In case you have more than one SPECTRA_FILE
you can specify that like this:
##### PARAMETERS #####
# name of the mgf file containing the MS2 spectra
SPECTRA_FILE = ["20220215_Eclipse_LC6_PepMap50cm-cartridge_mainlib_DSSO_3CV_stepHCD_OT_001.mgf",
"20220215_Eclipse_LC6_PepMap50cm-cartridge_mainlib_DSSO_3CV_stepHCD_OT_002.mgf"]
# name of the CSM file exported from Proteome Discoverer
CSMS_FILE = "20220215_Eclipse_LC6_PepMap50cm-cartridge_mainlib_DSSO_3CV_stepHCD_OT_001.xlsx"
# name of the experiment / run (any descriptive text is allowed)
RUN_NAME = "20220215_Eclipse_LC6_PepMap50cm-cartridge_mainlib_DSSO_3CV_stepHCD_OT_001-(1)"

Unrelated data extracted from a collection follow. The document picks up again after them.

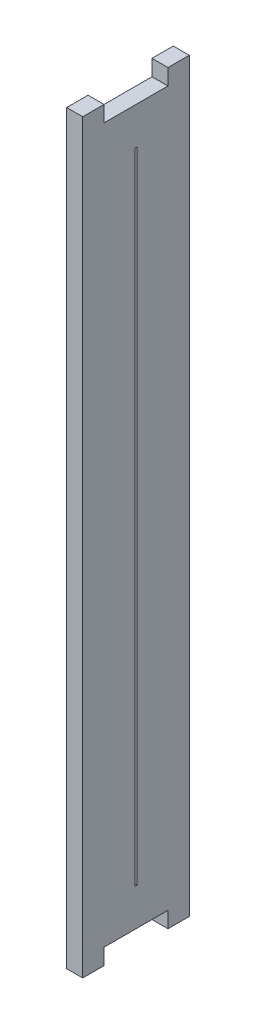
ISO-10303-21;
HEADER;
FILE_DESCRIPTION(('STEP AP214'),'2;1');
FILE_NAME('part.step','',(''),(''),'','','');
FILE_SCHEMA(('AUTOMOTIVE_DESIGN { 1 0 10303 214 1 1 1 1 }'));
ENDSEC;
DATA;
#1=APPLICATION_CONTEXT('core data for automotive mechanical design processes');
#2=APPLICATION_PROTOCOL_DEFINITION('international standard','automotive_design',2000,#1);
#3=PRODUCT_CONTEXT('',#1,'mechanical');
#4=PRODUCT('Part','Part','',(#3));
#5=PRODUCT_RELATED_PRODUCT_CATEGORY('part','',(#4));
#6=PRODUCT_DEFINITION_FORMATION('','',#4);
#7=PRODUCT_DEFINITION_CONTEXT('part definition',#1,'design');
#8=PRODUCT_DEFINITION('design','',#6,#7);
#9=PRODUCT_DEFINITION_SHAPE('','',#8);
#10=(LENGTH_UNIT() NAMED_UNIT(*) SI_UNIT(.MILLI.,.METRE.));
#11=(NAMED_UNIT(*) PLANE_ANGLE_UNIT() SI_UNIT($,.RADIAN.));
#12=(NAMED_UNIT(*) SI_UNIT($,.STERADIAN.) SOLID_ANGLE_UNIT());
#13=UNCERTAINTY_MEASURE_WITH_UNIT(LENGTH_MEASURE(1.E-05),#10,'distance_accuracy_value','');
#14=(GEOMETRIC_REPRESENTATION_CONTEXT(3) GLOBAL_UNCERTAINTY_ASSIGNED_CONTEXT((#13)) GLOBAL_UNIT_ASSIGNED_CONTEXT((#10,
#11,#12)) REPRESENTATION_CONTEXT('',''));
#15=CARTESIAN_POINT('',(0.,0.,0.));
#16=DIRECTION('',(0.,0.,1.));
#17=DIRECTION('',(1.,0.,0.));
#18=AXIS2_PLACEMENT_3D('',#15,#16,#17);
#19=CARTESIAN_POINT('',(1.5,-30.8441558441559,10.));
#20=DIRECTION('',(0.,1.,0.));
#21=DIRECTION('',(0.,0.,1.));
#22=AXIS2_PLACEMENT_3D('',#19,#20,#21);
#23=PLANE('',#22);
#24=DIRECTION('',(0.,0.,-1.));
#25=VECTOR('',#24,1.);
#26=CARTESIAN_POINT('',(0.,-30.8441558441559,10.));
#27=LINE('',#26,#25);
#28=CARTESIAN_POINT('',(0.,-30.8441558441559,10.));
#29=VERTEX_POINT('',#28);
#30=CARTESIAN_POINT('',(0.,-30.8441558441559,8.));
#31=VERTEX_POINT('',#30);
#32=EDGE_CURVE('E260',#29,#31,#27,.T.);
#33=ORIENTED_EDGE('',*,*,#32,.T.);
#34=DIRECTION('',(1.,0.,0.));
#35=VECTOR('',#34,1.);
#36=CARTESIAN_POINT('',(-8.5,-30.8441558441559,8.));
#37=LINE('',#36,#35);
#38=CARTESIAN_POINT('',(1.5,-30.8441558441559,8.));
#39=VERTEX_POINT('',#38);
#40=EDGE_CURVE('E199',#31,#39,#37,.T.);
#41=ORIENTED_EDGE('',*,*,#40,.T.);
#42=DIRECTION('',(0.,0.,-1.));
#43=VECTOR('',#42,1.);
#44=CARTESIAN_POINT('',(1.5,-30.8441558441559,10.));
#45=LINE('',#44,#43);
#46=CARTESIAN_POINT('',(1.5,-30.8441558441559,10.));
#47=VERTEX_POINT('',#46);
#48=EDGE_CURVE('E244',#47,#39,#45,.T.);
#49=ORIENTED_EDGE('',*,*,#48,.F.);
#50=DIRECTION('',(-1.,0.,0.));
#51=VECTOR('',#50,1.);
#52=CARTESIAN_POINT('',(1.5,-30.8441558441559,10.));
#53=LINE('',#52,#51);
#54=EDGE_CURVE('E282',#47,#29,#53,.T.);
#55=ORIENTED_EDGE('',*,*,#54,.T.);
#56=EDGE_LOOP('',(#33,#41,#49,#55));
#57=FACE_BOUND('',#56,.T.);
#58=ADVANCED_FACE('F39',(#57),#23,.F.);
#59=CARTESIAN_POINT('',(1.5,39.1558441558441,10.));
#60=DIRECTION('',(0.,-1.,0.));
#61=DIRECTION('',(0.,0.,-1.));
#62=AXIS2_PLACEMENT_3D('',#59,#60,#61);
#63=PLANE('',#62);
#64=DIRECTION('',(0.,0.,1.));
#65=VECTOR('',#64,1.);
#66=CARTESIAN_POINT('',(1.5,39.1558441558441,10.));
#67=LINE('',#66,#65);
#68=CARTESIAN_POINT('',(1.5,39.1558441558441,8.));
#69=VERTEX_POINT('',#68);
#70=CARTESIAN_POINT('',(1.5,39.1558441558441,10.));
#71=VERTEX_POINT('',#70);
#72=EDGE_CURVE('E251',#69,#71,#67,.T.);
#73=ORIENTED_EDGE('',*,*,#72,.F.);
#74=DIRECTION('',(1.,0.,0.));
#75=VECTOR('',#74,1.);
#76=CARTESIAN_POINT('',(-8.5,39.1558441558441,8.));
#77=LINE('',#76,#75);
#78=CARTESIAN_POINT('',(0.,39.1558441558441,8.));
#79=VERTEX_POINT('',#78);
#80=EDGE_CURVE('E167',#79,#69,#77,.T.);
#81=ORIENTED_EDGE('',*,*,#80,.F.);
#82=DIRECTION('',(0.,0.,1.));
#83=VECTOR('',#82,1.);
#84=CARTESIAN_POINT('',(0.,39.1558441558441,10.));
#85=LINE('',#84,#83);
#86=CARTESIAN_POINT('',(0.,39.1558441558441,10.));
#87=VERTEX_POINT('',#86);
#88=EDGE_CURVE('E267',#79,#87,#85,.T.);
#89=ORIENTED_EDGE('',*,*,#88,.T.);
#90=DIRECTION('',(-1.,0.,0.));
#91=VECTOR('',#90,1.);
#92=CARTESIAN_POINT('',(1.5,39.1558441558441,10.));
#93=LINE('',#92,#91);
#94=EDGE_CURVE('E255',#71,#87,#93,.T.);
#95=ORIENTED_EDGE('',*,*,#94,.F.);
#96=EDGE_LOOP('',(#73,#81,#89,#95));
#97=FACE_BOUND('',#96,.T.);
#98=ADVANCED_FACE('F320',(#97),#63,.F.);
#99=CARTESIAN_POINT('',(1.5,-30.8441558441559,10.));
#100=DIRECTION('',(0.,0.,-1.));
#101=DIRECTION('',(-1.,0.,0.));
#102=AXIS2_PLACEMENT_3D('',#99,#100,#101);
#103=PLANE('',#102);
#104=DIRECTION('',(0.,-1.,0.));
#105=VECTOR('',#104,1.);
#106=CARTESIAN_POINT('',(0.,-30.8441558441559,10.));
#107=LINE('',#106,#105);
#108=EDGE_CURVE('E228',#87,#29,#107,.T.);
#109=ORIENTED_EDGE('',*,*,#108,.T.);
#110=ORIENTED_EDGE('',*,*,#54,.F.);
#111=DIRECTION('',(0.,-1.,0.));
#112=VECTOR('',#111,1.);
#113=CARTESIAN_POINT('',(1.5,-30.8441558441559,10.));
#114=LINE('',#113,#112);
#115=EDGE_CURVE('E238',#71,#47,#114,.T.);
#116=ORIENTED_EDGE('',*,*,#115,.F.);
#117=ORIENTED_EDGE('',*,*,#94,.T.);
#118=EDGE_LOOP('',(#109,#110,#116,#117));
#119=FACE_BOUND('',#118,.T.);
#120=ADVANCED_FACE('F41',(#119),#103,.F.);
#121=CARTESIAN_POINT('',(1.5,-30.8441558441559,2.));
#122=VERTEX_POINT('',#121);
#123=CARTESIAN_POINT('',(1.5,-30.8441558441559,0.));
#124=VERTEX_POINT('',#123);
#125=EDGE_CURVE('E242',#122,#124,#45,.T.);
#126=ORIENTED_EDGE('',*,*,#125,.F.);
#127=DIRECTION('',(1.,0.,0.));
#128=VECTOR('',#127,1.);
#129=CARTESIAN_POINT('',(-8.5,-30.8441558441559,2.));
#130=LINE('',#129,#128);
#131=CARTESIAN_POINT('',(0.,-30.8441558441559,2.));
#132=VERTEX_POINT('',#131);
#133=EDGE_CURVE('E204',#132,#122,#130,.T.);
#134=ORIENTED_EDGE('',*,*,#133,.F.);
#135=CARTESIAN_POINT('',(0.,-30.8441558441559,0.));
#136=VERTEX_POINT('',#135);
#137=EDGE_CURVE('E259',#132,#136,#27,.T.);
#138=ORIENTED_EDGE('',*,*,#137,.T.);
#139=DIRECTION('',(-1.,0.,0.));
#140=VECTOR('',#139,1.);
#141=CARTESIAN_POINT('',(1.5,-30.8441558441559,0.));
#142=LINE('',#141,#140);
#143=EDGE_CURVE('E278',#124,#136,#142,.T.);
#144=ORIENTED_EDGE('',*,*,#143,.F.);
#145=EDGE_LOOP('',(#126,#134,#138,#144));
#146=FACE_BOUND('',#145,.T.);
#147=ADVANCED_FACE('F332',(#146),#23,.F.);
#148=CARTESIAN_POINT('',(1.5,-30.8441558441559,0.));
#149=DIRECTION('',(0.,0.,1.));
#150=DIRECTION('',(1.,0.,0.));
#151=AXIS2_PLACEMENT_3D('',#148,#149,#150);
#152=PLANE('',#151);
#153=DIRECTION('',(0.,1.,0.));
#154=VECTOR('',#153,1.);
#155=CARTESIAN_POINT('',(0.,-30.8441558441559,0.));
#156=LINE('',#155,#154);
#157=CARTESIAN_POINT('',(0.,39.1558441558441,0.));
#158=VERTEX_POINT('',#157);
#159=EDGE_CURVE('E264',#136,#158,#156,.T.);
#160=ORIENTED_EDGE('',*,*,#159,.T.);
#161=DIRECTION('',(-1.,0.,0.));
#162=VECTOR('',#161,1.);
#163=CARTESIAN_POINT('',(1.5,39.1558441558441,0.));
#164=LINE('',#163,#162);
#165=CARTESIAN_POINT('',(1.5,39.1558441558441,0.));
#166=VERTEX_POINT('',#165);
#167=EDGE_CURVE('E274',#166,#158,#164,.T.);
#168=ORIENTED_EDGE('',*,*,#167,.F.);
#169=DIRECTION('',(0.,1.,0.));
#170=VECTOR('',#169,1.);
#171=CARTESIAN_POINT('',(1.5,-30.8441558441559,0.));
#172=LINE('',#171,#170);
#173=EDGE_CURVE('E248',#124,#166,#172,.T.);
#174=ORIENTED_EDGE('',*,*,#173,.F.);
#175=ORIENTED_EDGE('',*,*,#143,.T.);
#176=EDGE_LOOP('',(#160,#168,#174,#175));
#177=FACE_BOUND('',#176,.T.);
#178=ADVANCED_FACE('F337',(#177),#152,.F.);
#179=CARTESIAN_POINT('',(0.,39.1558441558441,2.));
#180=VERTEX_POINT('',#179);
#181=EDGE_CURVE('E243',#158,#180,#85,.T.);
#182=ORIENTED_EDGE('',*,*,#181,.T.);
#183=DIRECTION('',(1.,0.,0.));
#184=VECTOR('',#183,1.);
#185=CARTESIAN_POINT('',(-8.5,39.1558441558441,2.));
#186=LINE('',#185,#184);
#187=CARTESIAN_POINT('',(1.5,39.1558441558441,2.));
#188=VERTEX_POINT('',#187);
#189=EDGE_CURVE('E183',#180,#188,#186,.T.);
#190=ORIENTED_EDGE('',*,*,#189,.T.);
#191=EDGE_CURVE('E252',#166,#188,#67,.T.);
#192=ORIENTED_EDGE('',*,*,#191,.F.);
#193=ORIENTED_EDGE('',*,*,#167,.T.);
#194=EDGE_LOOP('',(#182,#190,#192,#193));
#195=FACE_BOUND('',#194,.T.);
#196=ADVANCED_FACE('F340',(#195),#63,.F.);
#197=CARTESIAN_POINT('',(1.5,0.,0.));
#198=DIRECTION('',(-1.,0.,0.));
#199=DIRECTION('',(0.,0.,1.));
#200=AXIS2_PLACEMENT_3D('',#197,#198,#199);
#201=PLANE('',#200);
#202=DIRECTION('',(0.,0.,-1.));
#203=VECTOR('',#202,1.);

# name of the sample organism that should be reported in the spectral library
ORGANISM = "Homo sapiens"
# name of the crosslink modification
CROSSLINKER = "DSSO"
# possible modifications and their monoisotopic masses
MODIFICATIONS = \
{"Oxidation": [15.994915],
"Carbamidomethyl": [57.021464],
"DSSO": [54.01056, 85.98264, 103.99320]}
# modifications mapping for xiFDR sequences
MODIFICATIONS_XI = \
{"Ccm": ["C", "Carbamidomethyl"],
"Mox": ["M", "Oxidation"]}
# expected ion types (any of a, b, c, x, y, z)
ION_TYPES = ("b", "y")
# maximum expected charge of fragment ions
MAX_CHARGE = 4
# tolerance for matching peaks
MATCH_TOLERANCE = 0.02
# parameters for calculating iRT
iRT_PARAMS = {"iRT_m": 1.3066, "iRT_t": 29.502}
# regex pattern used for parsing scan number from the spectrum title
PARSER_PATTERN = "\\.\\d+\\."
If you are using the MS Annika Spectral Library exporter script please cite:
MS Annika 2.0 Identifies Cross-Linked Peptides in MS2–MS3-Based Workflows at High Sensitivity and Specificity
Micha J. Birklbauer, Manuel Matzinger, Fränze Müller, Karl Mechtler, and Viktoria Dorfer
Journal of Proteome Research 2023 22 (9), 3009-3021
DOI: 10.1021/acs.jproteome.3c00325
If you are using MS Annika please cite as described here.